> **WHAT TO PRODUCE**: For this exercise, output the line containing "psi1 = (findgg(r-alfa.*G, par)" and every line after it through the end of the records, exactly, and no other line.
───── DATASET ENTRIES
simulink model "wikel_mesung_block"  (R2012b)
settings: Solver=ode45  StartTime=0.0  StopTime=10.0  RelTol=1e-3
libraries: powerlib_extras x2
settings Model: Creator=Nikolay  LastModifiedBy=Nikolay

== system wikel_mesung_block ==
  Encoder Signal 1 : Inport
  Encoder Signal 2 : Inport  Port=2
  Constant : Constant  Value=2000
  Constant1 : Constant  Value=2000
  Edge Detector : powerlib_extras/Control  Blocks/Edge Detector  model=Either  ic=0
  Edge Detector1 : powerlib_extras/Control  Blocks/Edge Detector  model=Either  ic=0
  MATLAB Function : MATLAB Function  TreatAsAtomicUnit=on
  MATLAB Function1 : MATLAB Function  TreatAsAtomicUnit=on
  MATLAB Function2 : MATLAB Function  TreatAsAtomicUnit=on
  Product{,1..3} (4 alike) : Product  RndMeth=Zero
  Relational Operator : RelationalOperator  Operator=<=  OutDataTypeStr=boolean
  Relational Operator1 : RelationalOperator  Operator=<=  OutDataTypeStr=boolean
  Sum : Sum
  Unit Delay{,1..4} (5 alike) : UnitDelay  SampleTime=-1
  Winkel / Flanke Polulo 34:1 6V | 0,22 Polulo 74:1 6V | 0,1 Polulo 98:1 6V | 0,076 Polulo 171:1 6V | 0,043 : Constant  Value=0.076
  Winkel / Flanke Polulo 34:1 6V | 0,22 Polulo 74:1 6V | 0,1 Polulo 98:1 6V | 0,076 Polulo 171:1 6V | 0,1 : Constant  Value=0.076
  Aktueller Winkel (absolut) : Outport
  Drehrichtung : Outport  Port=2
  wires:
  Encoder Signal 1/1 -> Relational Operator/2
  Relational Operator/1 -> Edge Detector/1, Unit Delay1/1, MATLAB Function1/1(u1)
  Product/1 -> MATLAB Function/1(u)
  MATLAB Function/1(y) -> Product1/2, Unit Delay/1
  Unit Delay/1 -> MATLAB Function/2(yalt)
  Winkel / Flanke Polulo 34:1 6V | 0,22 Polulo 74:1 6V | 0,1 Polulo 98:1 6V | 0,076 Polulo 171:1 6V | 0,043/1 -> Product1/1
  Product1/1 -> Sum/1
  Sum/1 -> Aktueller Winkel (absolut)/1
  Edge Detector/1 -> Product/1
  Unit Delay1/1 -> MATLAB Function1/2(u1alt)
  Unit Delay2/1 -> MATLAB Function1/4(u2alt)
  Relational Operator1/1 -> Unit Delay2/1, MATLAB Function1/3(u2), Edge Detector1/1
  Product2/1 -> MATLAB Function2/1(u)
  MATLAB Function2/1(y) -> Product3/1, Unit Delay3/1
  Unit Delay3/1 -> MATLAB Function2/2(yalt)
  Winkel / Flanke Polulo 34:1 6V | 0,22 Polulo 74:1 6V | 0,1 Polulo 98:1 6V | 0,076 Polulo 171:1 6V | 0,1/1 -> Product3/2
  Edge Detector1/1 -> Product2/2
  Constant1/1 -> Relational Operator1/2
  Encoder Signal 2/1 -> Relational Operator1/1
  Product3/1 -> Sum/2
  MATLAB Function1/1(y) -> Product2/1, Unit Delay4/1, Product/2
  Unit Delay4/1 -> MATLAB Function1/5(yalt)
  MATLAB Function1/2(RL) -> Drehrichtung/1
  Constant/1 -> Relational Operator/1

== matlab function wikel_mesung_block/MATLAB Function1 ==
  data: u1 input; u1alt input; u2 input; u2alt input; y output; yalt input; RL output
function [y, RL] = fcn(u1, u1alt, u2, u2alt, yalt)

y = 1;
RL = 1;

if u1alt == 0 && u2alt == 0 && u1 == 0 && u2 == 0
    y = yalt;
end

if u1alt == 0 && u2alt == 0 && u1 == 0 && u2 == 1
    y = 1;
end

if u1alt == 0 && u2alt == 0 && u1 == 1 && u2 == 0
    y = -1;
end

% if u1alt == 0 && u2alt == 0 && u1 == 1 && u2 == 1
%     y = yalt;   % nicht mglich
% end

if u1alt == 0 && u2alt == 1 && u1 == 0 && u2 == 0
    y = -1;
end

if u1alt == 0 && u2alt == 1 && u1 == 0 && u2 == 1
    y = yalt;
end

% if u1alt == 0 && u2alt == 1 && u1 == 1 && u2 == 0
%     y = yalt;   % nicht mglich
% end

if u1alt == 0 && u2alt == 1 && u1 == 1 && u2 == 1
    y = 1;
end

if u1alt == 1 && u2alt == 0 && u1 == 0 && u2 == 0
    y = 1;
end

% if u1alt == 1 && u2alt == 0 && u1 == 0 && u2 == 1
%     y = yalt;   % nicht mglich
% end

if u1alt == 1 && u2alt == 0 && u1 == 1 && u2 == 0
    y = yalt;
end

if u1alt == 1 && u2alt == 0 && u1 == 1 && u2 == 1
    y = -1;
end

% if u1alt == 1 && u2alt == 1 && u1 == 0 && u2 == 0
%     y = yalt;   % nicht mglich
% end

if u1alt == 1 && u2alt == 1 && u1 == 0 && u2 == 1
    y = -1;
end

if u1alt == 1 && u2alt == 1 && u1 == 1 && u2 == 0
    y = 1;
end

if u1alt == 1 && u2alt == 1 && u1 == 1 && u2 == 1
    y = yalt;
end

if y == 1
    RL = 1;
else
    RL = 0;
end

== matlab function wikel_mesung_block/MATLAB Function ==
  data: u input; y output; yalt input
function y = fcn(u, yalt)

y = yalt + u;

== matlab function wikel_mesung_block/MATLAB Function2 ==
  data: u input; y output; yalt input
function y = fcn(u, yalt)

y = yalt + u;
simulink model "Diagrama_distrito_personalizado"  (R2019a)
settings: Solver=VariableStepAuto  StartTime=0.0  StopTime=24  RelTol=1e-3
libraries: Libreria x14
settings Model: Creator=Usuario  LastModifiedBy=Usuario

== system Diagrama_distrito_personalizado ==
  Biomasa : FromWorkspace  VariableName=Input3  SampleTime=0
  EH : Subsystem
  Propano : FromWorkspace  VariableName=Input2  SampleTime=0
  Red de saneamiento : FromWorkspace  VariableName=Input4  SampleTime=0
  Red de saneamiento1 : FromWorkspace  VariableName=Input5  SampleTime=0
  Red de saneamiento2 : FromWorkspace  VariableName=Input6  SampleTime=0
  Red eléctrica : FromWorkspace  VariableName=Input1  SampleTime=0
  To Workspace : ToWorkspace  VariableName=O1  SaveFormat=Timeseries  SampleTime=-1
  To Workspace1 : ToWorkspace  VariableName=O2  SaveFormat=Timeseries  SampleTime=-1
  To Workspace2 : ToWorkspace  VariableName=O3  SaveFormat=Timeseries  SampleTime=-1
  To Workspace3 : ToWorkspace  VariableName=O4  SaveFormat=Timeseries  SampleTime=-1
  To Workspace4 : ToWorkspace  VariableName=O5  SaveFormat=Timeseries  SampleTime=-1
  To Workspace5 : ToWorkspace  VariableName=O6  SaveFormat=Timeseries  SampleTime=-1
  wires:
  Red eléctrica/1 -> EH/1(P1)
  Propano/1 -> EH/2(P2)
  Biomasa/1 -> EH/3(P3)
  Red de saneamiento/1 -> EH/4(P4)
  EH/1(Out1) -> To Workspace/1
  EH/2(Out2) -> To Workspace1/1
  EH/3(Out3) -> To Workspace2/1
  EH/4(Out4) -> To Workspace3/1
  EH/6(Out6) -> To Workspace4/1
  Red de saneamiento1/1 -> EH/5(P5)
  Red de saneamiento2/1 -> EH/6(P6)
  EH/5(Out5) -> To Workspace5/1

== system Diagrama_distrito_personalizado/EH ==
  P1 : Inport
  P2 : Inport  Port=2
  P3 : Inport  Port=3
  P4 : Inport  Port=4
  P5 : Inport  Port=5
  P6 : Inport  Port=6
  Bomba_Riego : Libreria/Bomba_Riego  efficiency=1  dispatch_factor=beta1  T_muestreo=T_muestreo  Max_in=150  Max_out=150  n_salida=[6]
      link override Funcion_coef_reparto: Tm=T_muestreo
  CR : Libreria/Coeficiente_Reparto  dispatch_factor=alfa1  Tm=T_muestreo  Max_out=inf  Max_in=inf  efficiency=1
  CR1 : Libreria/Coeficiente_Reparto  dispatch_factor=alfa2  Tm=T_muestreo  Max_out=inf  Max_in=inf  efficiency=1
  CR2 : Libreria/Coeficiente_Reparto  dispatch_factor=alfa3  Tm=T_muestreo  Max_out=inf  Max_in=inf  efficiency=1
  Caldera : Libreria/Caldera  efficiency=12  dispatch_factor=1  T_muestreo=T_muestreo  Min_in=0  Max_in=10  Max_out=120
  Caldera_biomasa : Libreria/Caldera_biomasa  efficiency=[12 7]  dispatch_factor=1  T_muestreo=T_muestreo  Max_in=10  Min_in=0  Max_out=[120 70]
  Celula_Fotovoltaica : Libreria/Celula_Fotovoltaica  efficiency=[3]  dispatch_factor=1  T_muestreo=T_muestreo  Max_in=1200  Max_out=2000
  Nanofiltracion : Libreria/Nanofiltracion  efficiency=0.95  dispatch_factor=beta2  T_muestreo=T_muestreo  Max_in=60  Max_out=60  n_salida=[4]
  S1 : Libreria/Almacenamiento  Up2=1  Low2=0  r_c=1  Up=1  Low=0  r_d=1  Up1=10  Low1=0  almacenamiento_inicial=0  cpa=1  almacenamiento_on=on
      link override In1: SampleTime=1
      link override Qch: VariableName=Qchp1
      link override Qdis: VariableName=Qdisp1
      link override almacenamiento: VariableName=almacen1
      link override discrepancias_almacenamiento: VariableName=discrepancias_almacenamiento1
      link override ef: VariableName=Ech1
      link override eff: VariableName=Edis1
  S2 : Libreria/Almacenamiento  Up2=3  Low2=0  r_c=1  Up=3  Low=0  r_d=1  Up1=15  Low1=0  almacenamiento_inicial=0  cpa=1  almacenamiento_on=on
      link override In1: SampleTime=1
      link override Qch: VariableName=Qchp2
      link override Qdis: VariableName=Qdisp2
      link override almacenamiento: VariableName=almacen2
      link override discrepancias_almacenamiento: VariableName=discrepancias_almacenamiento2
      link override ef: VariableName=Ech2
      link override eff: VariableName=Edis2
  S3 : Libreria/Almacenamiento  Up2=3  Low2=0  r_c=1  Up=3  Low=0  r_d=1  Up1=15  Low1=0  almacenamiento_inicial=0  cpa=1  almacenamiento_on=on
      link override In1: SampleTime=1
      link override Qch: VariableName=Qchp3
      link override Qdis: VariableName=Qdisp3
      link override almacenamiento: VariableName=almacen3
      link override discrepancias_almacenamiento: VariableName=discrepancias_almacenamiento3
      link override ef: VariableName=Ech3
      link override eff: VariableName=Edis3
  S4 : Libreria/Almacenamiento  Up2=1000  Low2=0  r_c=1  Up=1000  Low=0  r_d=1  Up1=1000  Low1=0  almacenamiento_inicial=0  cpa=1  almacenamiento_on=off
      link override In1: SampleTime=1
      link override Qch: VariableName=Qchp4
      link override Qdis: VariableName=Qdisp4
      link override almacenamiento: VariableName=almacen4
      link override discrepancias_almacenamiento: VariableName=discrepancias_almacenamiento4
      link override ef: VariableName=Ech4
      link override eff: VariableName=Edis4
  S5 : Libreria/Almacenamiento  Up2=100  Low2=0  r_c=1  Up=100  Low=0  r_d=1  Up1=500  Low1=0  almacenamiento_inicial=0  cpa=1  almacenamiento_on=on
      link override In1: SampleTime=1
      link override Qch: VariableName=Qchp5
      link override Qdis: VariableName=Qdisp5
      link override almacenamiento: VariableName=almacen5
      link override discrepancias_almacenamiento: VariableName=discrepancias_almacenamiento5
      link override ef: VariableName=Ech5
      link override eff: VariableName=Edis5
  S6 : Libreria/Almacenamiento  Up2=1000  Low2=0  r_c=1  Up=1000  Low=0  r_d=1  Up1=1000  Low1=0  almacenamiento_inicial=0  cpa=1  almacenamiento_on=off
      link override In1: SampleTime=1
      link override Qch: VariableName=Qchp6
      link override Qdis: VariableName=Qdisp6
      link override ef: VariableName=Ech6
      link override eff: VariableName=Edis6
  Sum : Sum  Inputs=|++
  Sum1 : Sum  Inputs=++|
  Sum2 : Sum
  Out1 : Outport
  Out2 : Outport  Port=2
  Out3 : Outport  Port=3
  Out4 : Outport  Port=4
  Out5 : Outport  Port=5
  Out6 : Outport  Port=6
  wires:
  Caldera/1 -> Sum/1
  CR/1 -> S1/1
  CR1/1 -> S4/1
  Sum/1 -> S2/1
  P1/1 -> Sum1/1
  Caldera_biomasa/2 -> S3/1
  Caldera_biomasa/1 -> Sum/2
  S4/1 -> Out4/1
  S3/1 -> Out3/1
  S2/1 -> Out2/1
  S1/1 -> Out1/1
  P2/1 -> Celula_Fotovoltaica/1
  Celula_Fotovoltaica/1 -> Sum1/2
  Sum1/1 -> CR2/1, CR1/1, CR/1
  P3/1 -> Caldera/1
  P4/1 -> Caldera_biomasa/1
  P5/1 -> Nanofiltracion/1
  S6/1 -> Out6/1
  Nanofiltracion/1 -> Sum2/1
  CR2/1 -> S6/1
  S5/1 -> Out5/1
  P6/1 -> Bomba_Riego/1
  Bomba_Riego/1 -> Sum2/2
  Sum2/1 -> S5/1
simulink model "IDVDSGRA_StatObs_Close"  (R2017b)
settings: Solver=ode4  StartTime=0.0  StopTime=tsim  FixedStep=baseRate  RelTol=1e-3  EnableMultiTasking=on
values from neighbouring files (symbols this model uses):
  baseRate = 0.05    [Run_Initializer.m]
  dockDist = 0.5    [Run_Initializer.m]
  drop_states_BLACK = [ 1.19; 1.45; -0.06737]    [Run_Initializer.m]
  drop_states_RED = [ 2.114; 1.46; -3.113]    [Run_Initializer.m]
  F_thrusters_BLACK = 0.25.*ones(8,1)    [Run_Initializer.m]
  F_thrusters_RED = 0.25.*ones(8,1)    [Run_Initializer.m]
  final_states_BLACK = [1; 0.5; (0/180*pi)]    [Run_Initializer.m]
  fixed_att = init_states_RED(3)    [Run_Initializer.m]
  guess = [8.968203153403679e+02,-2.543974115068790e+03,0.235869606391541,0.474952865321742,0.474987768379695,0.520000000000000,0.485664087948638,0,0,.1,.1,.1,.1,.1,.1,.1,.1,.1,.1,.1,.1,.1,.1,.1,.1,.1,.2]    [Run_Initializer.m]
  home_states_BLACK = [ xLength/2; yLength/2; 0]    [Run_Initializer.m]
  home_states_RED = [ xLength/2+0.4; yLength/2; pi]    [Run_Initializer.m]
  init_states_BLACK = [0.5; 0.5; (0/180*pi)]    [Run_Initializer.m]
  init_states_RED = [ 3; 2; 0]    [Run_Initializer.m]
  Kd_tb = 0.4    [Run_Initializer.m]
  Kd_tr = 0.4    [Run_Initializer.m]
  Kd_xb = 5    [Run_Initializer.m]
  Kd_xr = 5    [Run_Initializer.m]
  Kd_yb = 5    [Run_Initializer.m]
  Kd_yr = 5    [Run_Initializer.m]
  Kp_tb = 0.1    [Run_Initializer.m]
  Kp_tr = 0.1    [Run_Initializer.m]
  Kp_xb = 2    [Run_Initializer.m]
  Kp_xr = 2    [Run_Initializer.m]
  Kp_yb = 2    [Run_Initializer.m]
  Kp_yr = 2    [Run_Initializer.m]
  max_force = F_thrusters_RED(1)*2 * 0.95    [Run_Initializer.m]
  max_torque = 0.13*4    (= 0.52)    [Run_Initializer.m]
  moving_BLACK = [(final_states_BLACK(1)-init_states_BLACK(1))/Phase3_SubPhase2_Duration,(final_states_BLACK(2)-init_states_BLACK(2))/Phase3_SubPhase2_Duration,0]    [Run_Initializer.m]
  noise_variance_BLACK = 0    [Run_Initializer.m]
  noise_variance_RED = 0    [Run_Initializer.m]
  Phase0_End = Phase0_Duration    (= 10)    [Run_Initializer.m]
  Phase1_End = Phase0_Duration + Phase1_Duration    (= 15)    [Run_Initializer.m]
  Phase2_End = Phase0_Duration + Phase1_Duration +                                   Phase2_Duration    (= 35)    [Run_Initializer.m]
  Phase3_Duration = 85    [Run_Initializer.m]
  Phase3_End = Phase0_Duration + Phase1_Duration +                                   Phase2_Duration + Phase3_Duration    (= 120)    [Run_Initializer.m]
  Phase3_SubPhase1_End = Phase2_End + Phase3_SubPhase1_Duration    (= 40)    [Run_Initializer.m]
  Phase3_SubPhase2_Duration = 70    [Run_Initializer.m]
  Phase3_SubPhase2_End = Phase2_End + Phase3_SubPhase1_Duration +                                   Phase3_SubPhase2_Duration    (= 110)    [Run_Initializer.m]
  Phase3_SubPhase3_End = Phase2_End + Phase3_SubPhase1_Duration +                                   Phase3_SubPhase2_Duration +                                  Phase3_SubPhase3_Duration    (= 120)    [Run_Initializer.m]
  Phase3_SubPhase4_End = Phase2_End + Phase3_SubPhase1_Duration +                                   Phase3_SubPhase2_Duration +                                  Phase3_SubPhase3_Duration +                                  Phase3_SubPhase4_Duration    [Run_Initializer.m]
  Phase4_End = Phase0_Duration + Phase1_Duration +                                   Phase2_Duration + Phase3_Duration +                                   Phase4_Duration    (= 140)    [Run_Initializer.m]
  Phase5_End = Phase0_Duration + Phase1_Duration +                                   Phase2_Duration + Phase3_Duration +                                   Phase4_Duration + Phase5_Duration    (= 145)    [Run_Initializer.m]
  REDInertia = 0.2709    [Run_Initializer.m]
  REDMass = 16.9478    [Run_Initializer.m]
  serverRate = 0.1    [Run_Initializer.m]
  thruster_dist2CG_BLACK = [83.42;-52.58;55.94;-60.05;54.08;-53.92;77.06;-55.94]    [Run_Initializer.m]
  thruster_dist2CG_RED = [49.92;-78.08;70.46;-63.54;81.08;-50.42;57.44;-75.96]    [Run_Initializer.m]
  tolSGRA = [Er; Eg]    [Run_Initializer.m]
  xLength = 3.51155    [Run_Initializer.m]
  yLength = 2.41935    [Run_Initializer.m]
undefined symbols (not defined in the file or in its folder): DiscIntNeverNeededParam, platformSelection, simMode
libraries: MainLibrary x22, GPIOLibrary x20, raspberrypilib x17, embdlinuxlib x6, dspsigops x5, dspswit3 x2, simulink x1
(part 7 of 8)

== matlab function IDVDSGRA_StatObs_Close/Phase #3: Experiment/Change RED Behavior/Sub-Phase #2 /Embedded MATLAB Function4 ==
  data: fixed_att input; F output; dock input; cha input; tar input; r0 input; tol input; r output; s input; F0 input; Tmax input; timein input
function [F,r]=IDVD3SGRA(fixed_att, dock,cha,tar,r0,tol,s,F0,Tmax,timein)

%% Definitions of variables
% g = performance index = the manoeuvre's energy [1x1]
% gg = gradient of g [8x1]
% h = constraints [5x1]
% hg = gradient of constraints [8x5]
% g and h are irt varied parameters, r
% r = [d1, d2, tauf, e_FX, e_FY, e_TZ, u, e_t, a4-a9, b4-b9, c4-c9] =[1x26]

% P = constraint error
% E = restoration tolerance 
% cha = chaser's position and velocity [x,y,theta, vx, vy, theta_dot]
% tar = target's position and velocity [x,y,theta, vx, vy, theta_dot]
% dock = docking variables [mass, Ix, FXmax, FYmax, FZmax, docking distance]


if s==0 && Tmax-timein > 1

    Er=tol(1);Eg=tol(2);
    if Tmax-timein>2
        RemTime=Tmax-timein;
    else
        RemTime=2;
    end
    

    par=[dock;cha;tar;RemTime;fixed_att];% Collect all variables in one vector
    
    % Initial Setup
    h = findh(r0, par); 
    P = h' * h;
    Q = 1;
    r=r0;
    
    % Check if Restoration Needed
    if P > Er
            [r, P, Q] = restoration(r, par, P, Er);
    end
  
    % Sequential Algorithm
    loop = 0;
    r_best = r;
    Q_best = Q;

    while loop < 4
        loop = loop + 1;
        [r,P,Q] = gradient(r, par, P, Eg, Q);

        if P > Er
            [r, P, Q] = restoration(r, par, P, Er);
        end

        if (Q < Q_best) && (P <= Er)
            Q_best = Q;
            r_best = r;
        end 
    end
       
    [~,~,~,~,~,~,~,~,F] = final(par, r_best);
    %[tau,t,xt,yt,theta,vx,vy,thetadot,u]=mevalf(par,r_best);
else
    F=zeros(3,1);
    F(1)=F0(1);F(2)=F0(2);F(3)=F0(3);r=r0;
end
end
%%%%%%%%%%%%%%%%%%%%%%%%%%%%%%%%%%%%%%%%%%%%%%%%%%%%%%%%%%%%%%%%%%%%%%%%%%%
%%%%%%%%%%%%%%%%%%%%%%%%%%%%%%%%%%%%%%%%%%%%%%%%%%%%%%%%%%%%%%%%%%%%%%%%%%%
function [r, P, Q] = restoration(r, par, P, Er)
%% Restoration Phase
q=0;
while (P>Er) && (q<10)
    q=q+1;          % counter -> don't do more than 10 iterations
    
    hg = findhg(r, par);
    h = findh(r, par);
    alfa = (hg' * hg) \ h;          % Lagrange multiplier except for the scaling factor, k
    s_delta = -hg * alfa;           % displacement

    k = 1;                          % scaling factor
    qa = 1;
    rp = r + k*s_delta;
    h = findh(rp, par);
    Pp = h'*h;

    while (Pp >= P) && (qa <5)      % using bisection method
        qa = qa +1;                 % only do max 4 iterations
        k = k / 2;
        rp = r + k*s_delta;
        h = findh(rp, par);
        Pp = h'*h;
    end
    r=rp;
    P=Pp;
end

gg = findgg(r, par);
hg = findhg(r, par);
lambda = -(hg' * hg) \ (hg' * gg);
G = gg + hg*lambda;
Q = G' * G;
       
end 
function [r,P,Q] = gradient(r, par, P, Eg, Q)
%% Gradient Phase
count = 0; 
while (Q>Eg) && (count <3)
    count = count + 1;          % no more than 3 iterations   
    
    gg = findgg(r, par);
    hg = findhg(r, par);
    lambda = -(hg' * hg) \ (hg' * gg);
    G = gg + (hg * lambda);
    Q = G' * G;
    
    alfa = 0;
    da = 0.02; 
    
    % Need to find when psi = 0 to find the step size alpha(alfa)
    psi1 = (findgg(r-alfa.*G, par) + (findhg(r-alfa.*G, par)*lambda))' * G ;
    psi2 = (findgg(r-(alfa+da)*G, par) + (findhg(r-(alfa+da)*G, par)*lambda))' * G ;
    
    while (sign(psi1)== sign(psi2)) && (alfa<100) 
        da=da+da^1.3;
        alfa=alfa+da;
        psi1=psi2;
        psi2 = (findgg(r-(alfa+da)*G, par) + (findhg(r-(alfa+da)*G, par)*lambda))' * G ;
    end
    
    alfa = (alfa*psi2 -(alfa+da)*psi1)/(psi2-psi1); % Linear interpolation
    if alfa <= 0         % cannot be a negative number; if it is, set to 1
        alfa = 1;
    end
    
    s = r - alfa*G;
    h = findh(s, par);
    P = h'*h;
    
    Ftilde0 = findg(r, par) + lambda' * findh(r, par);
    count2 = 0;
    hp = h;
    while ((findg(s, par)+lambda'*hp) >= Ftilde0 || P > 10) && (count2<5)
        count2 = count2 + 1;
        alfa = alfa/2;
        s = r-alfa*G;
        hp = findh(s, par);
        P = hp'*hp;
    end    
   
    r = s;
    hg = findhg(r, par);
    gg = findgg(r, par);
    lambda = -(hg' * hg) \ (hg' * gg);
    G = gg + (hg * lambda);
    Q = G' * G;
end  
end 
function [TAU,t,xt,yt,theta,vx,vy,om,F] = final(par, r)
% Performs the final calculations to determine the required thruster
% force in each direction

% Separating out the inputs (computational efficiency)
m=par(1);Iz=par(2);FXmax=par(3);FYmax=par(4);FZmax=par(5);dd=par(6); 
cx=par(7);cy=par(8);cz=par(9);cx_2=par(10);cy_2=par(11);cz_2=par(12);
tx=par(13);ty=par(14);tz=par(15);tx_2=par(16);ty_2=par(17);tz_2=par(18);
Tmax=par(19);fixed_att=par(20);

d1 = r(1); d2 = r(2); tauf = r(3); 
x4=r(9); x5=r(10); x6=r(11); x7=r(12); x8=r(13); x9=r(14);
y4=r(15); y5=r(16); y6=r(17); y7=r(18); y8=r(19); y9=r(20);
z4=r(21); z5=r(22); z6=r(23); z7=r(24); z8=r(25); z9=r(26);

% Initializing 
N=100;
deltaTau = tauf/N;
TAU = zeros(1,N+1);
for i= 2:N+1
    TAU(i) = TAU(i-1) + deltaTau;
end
──────────
> **TASK RESULT**:
    psi1 = (findgg(r-alfa.*G, par) + (findhg(r-alfa.*G, par)*lambda))' * G ;
    psi2 = (findgg(r-(alfa+da)*G, par) + (findhg(r-(alfa+da)*G, par)*lambda))' * G ;
    
    while (sign(psi1)== sign(psi2)) && (alfa<100) 
        da=da+da^1.3;
        alfa=alfa+da;
        psi1=psi2;
        psi2 = (findgg(r-(alfa+da)*G, par) + (findhg(r-(alfa+da)*G, par)*lambda))' * G ;
    end
    
    alfa = (alfa*psi2 -(alfa+da)*psi1)/(psi2-psi1); % Linear interpolation
    if alfa <= 0         % cannot be a negative number; if it is, set to 1
        alfa = 1;
    end
    
    s = r - alfa*G;
    h = findh(s, par);
    P = h'*h;
    
    Ftilde0 = findg(r, par) + lambda' * findh(r, par);
    count2 = 0;
    hp = h;
    while ((findg(s, par)+lambda'*hp) >= Ftilde0 || P > 10) && (count2<5)
        count2 = count2 + 1;
        alfa = alfa/2;
        s = r-alfa*G;
        hp = findh(s, par);
        P = hp'*hp;
    end    
   
    r = s;
    hg = findhg(r, par);
    gg = findgg(r, par);
    lambda = -(hg' * hg) \ (hg' * gg);
    G = gg + (hg * lambda);
    Q = G' * G;
end  
end 
function [TAU,t,xt,yt,theta,vx,vy,om,F] = final(par, r)
% Performs the final calculations to determine the required thruster
% force in each direction

% Separating out the inputs (computational efficiency)
m=par(1);Iz=par(2);FXmax=par(3);FYmax=par(4);FZmax=par(5);dd=par(6); 
cx=par(7);cy=par(8);cz=par(9);cx_2=par(10);cy_2=par(11);cz_2=par(12);
tx=par(13);ty=par(14);tz=par(15);tx_2=par(16);ty_2=par(17);tz_2=par(18);
Tmax=par(19);fixed_att=par(20);

d1 = r(1); d2 = r(2); tauf = r(3); 
x4=r(9); x5=r(10); x6=r(11); x7=r(12); x8=r(13); x9=r(14);
y4=r(15); y5=r(16); y6=r(17); y7=r(18); y8=r(19); y9=r(20);
z4=r(21); z5=r(22); z6=r(23); z7=r(24); z8=r(25); z9=r(26);

% Initializing 
N=100;
deltaTau = tauf/N;
TAU = zeros(1,N+1);
for i= 2:N+1
    TAU(i) = TAU(i-1) + deltaTau;
end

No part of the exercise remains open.